# Foto'S einsortieren

## Tinitus

Hallo,

ich möchte gerne, daß wenn eine Speicherkarte eingesteckt wird die Foto's von dort auf die Festplatte kopiert/verschoben werden.

Dabei soll anhand des Datei-Erstellungsdatums der Bilder für jeden Tag an dem Bilder geknipst wurden ein Ordner erstellt werden. 

In diesen sollen dann die entsprechenden Bilder einsortiert werden.

Wie bekommt man so was hin?

G. R.

----------

## slick

Gugst du hier: Ordnung im Bilderchaos - Bildgrößen (und EXIF) auswerten

----------

## Tinitus

 *slick wrote:*   

> Gugst du hier: Ordnung im Bilderchaos - Bildgrößen (und EXIF) auswerten

 

OK

das wäre Teil 2.

jetzt fehlt mir noch Teil 1 Speicherkarte einhängen und auslesen...habe hier nur einen vdr Rechner mit xbmc und eine Infrarot FB

G. R.

----------

## slick

Also Google (vielleicht hast ja schonmal davon gehört) spuckt u.a. das hier aus:

 * http://www.reactivated.net/writing_udev_rules.html#external-run  wrote:*   

> Yet another reason for writing udev rules is to run a particular program when a device is connected or disconnected.

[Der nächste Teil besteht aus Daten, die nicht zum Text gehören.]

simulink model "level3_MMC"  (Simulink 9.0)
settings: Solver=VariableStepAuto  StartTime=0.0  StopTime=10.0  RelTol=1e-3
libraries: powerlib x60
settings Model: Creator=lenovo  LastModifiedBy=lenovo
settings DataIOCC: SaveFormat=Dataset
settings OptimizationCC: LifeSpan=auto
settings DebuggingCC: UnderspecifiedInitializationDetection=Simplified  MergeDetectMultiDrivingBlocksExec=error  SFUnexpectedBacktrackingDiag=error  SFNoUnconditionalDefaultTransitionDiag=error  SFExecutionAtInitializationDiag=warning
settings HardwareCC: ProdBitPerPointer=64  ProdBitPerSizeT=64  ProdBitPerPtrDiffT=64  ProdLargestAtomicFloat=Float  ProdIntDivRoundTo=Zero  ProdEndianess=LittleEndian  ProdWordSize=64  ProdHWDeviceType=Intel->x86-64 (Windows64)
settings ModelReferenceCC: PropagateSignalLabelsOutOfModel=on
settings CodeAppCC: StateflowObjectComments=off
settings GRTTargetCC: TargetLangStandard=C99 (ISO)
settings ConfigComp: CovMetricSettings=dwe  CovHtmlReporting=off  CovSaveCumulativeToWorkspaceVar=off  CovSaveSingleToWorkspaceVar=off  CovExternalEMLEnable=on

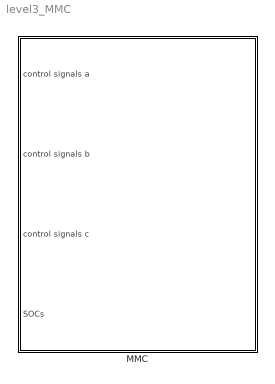
== system level3_MMC ==
  MMC : Subsystem

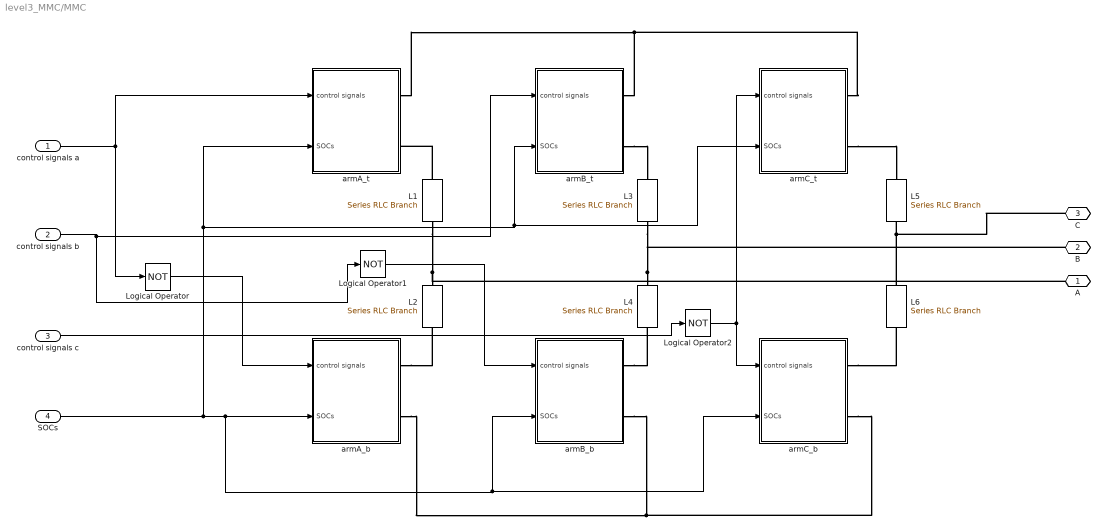
== system level3_MMC/MMC ==
  control signals a : Inport
  control signals b : Inport  Port=2
  control signals c : Inport  Port=3
  SOCs : Inport  Port=4
  L{1..6} (6 alike) : powerlib/Elements/Series RLC Branch  LConnTagsString=__new0  RConnTagsString=__new0  BranchType=L  Resistance=0  Inductance=50e-6  SetiL0=off  InitialCurrent=0  Capacitance=0  Setx0=off  InitialVoltage=0  Measurements=None
  Logical Operator : Logic  Operator=NOT  AllPortsSameDT=off  OutDataTypeStr=boolean
  Logical Operator1 : Logic  Operator=NOT  AllPortsSameDT=off  OutDataTypeStr=boolean
  Logical Operator2 : Logic  Operator=NOT  AllPortsSameDT=off  OutDataTypeStr=boolean
  armA_b : Subsystem
  armA_t : Subsystem
  armB_b : Subsystem
  armB_t : Subsystem
  armC_b : Subsystem
  armC_t : Subsystem
  A : PMIOPort  Port=1  Side=Right
  B : PMIOPort  Port=2  Side=Right
  C : PMIOPort  Port=3  Side=Right
  wires:
  SOCs/1 -> armA_b/2(SOCs), armC_b/2(SOCs), armB_b/2(SOCs), armA_t/2(SOCs), armC_t/2(SOCs), armB_t/2(SOCs)
  Logical Operator1/1 -> armB_b/1(control signals)
  control signals b/1 -> armB_t/1(control signals), Logical Operator1/1
  Logical Operator/1 -> armA_b/1(control signals)
  control signals a/1 -> armA_t/1(control signals), Logical Operator/1
  Logical Operator2/1 -> armC_b/1(control signals), armC_t/1(control signals)
  control signals c/1 -> Logical Operator2/1
  connections:
  L6/LConn1 -- C/RConn1 -- L5/RConn1
  L1/LConn1 -- armA_t/RConn2
  armC_t/RConn2 -- L5/LConn1
  armC_b/RConn1 -- L6/RConn1
  armB_t/RConn2 -- L3/LConn1
  armB_b/RConn1 -- L4/RConn1
  armA_b/RConn1 -- L2/RConn1
  L4/LConn1 -- L3/RConn1 -- B/RConn1
  L1/RConn1 -- L2/LConn1 -- A/RConn1
  armA_b/RConn2 -- armC_b/RConn2 -- armB_b/RConn2
  armA_t/RConn1 -- armC_t/RConn1 -- armB_t/RConn1

== system level3_MMC/MMC/armA_b ==
  control signals : Inport
  SOCs : Inport  Port=2
  SubModule1 : Subsystem
  SubModule2 : Subsystem
  SubModule3 : Subsystem
  Conn1 : PMIOPort  Port=1  Side=Right
  Conn2 : PMIOPort  Port=2  Side=Right
  wires:
  control signals/1 -> SubModule3/1(control signal), SubModule2/1(control signal), SubModule1/1(control signal)
  SOCs/1 -> SubModule3/2(SOC), SubModule2/2(SOC), SubModule1/2(SOC)
  connections:
  SubModule1/RConn2 -- SubModule2/RConn1
  SubModule1/RConn1 -- Conn1/RConn1
  Conn2/RConn1 -- SubModule3/RConn2
  SubModule2/RConn2 -- SubModule3/RConn1

== system level3_MMC/MMC/armA_t ==
  control signals : Inport
  SOCs : Inport  Port=2
  SubModule1 : Subsystem
  SubModule2 : Subsystem
  SubModule3 : Subsystem
  Conn1 : PMIOPort  Port=1  Side=Right
  Conn2 : PMIOPort  Port=2  Side=Right
  wires:
  control signals/1 -> SubModule3/1(control signal), SubModule2/1(control signal), SubModule1/1(control signal)
  SOCs/1 -> SubModule3/2(SOC), SubModule2/2(SOC), SubModule1/2(SOC)
  connections:
  SubModule1/RConn2 -- SubModule2/RConn1
  SubModule1/RConn1 -- Conn1/RConn1
  Conn2/RConn1 -- SubModule3/RConn2
  SubModule2/RConn2 -- SubModule3/RConn1

== system level3_MMC/MMC/armB_b ==
  control signals : Inport
  SOCs : Inport  Port=2
  SubModule1 : Subsystem
  SubModule2 : Subsystem
  SubModule3 : Subsystem
  Conn1 : PMIOPort  Port=1  Side=Right
  Conn2 : PMIOPort  Port=2  Side=Right
  wires:
  control signals/1 -> SubModule3/1(control signal), SubModule2/1(control signal), SubModule1/1(control signal)
  SOCs/1 -> SubModule3/2(SOC), SubModule2/2(SOC), SubModule1/2(SOC)
  connections:
  SubModule1/RConn2 -- SubModule2/RConn1
  SubModule1/RConn1 -- Conn1/RConn1
  Conn2/RConn1 -- SubModule3/RConn2
  SubModule2/RConn2 -- SubModule3/RConn1

== system level3_MMC/MMC/armB_t ==
  control signals : Inport
  SOCs : Inport  Port=2
  SubModule1 : Subsystem
  SubModule2 : Subsystem
  SubModule3 : Subsystem
  Conn1 : PMIOPort  Port=1  Side=Right
  Conn2 : PMIOPort  Port=2  Side=Right
  wires:
  control signals/1 -> SubModule3/1(control signal), SubModule2/1(control signal), SubModule1/1(control signal)
  SOCs/1 -> SubModule3/2(SOC), SubModule2/2(SOC), SubModule1/2(SOC)
  connections:
  SubModule1/RConn2 -- SubModule2/RConn1
  SubModule1/RConn1 -- Conn1/RConn1
  Conn2/RConn1 -- SubModule3/RConn2
  SubModule2/RConn2 -- SubModule3/RConn1

== system level3_MMC/MMC/armC_b ==
  control signals : Inport
  SOCs : Inport  Port=2
  SubModule1 : Subsystem
  SubModule2 : Subsystem
  SubModule3 : Subsystem
  Conn1 : PMIOPort  Port=1  Side=Right
  Conn2 : PMIOPort  Port=2  Side=Right
  wires:
  control signals/1 -> SubModule3/1(control signal), SubModule2/1(control signal), SubModule1/1(control signal)
  SOCs/1 -> SubModule3/2(SOC), SubModule2/2(SOC), SubModule1/2(SOC)
  connections:
  SubModule1/RConn2 -- SubModule2/RConn1
  SubModule1/RConn1 -- Conn1/RConn1
  Conn2/RConn1 -- SubModule3/RConn2
  SubModule2/RConn2 -- SubModule3/RConn1

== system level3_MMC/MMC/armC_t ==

For example, you might want to execute a script to automatically download all of your photos from your digital camera when it is connected. 

 

siehe auch:

http://www.gentoo.de/doc/de/udev-guide.xml

http://www.gentoo-wiki.info/UDEV

http://wiki.ubuntuusers.de/udev

----------

## Tinitus

Hallo,

das Problem an google sind immer die passenden Stichworte...

G. R.

----------

## Max Steel

 *Tinitus wrote:*   

> Hallo,
> 
> das Problem an google sind immer die passenden Stichworte...
> 
> G. R.

 

Dann probiers Umgangssprachlich (Ja, das kann Google auch)  :Wink: 

http://www.gidf.de/Wie benutze ich Google richtig?

----------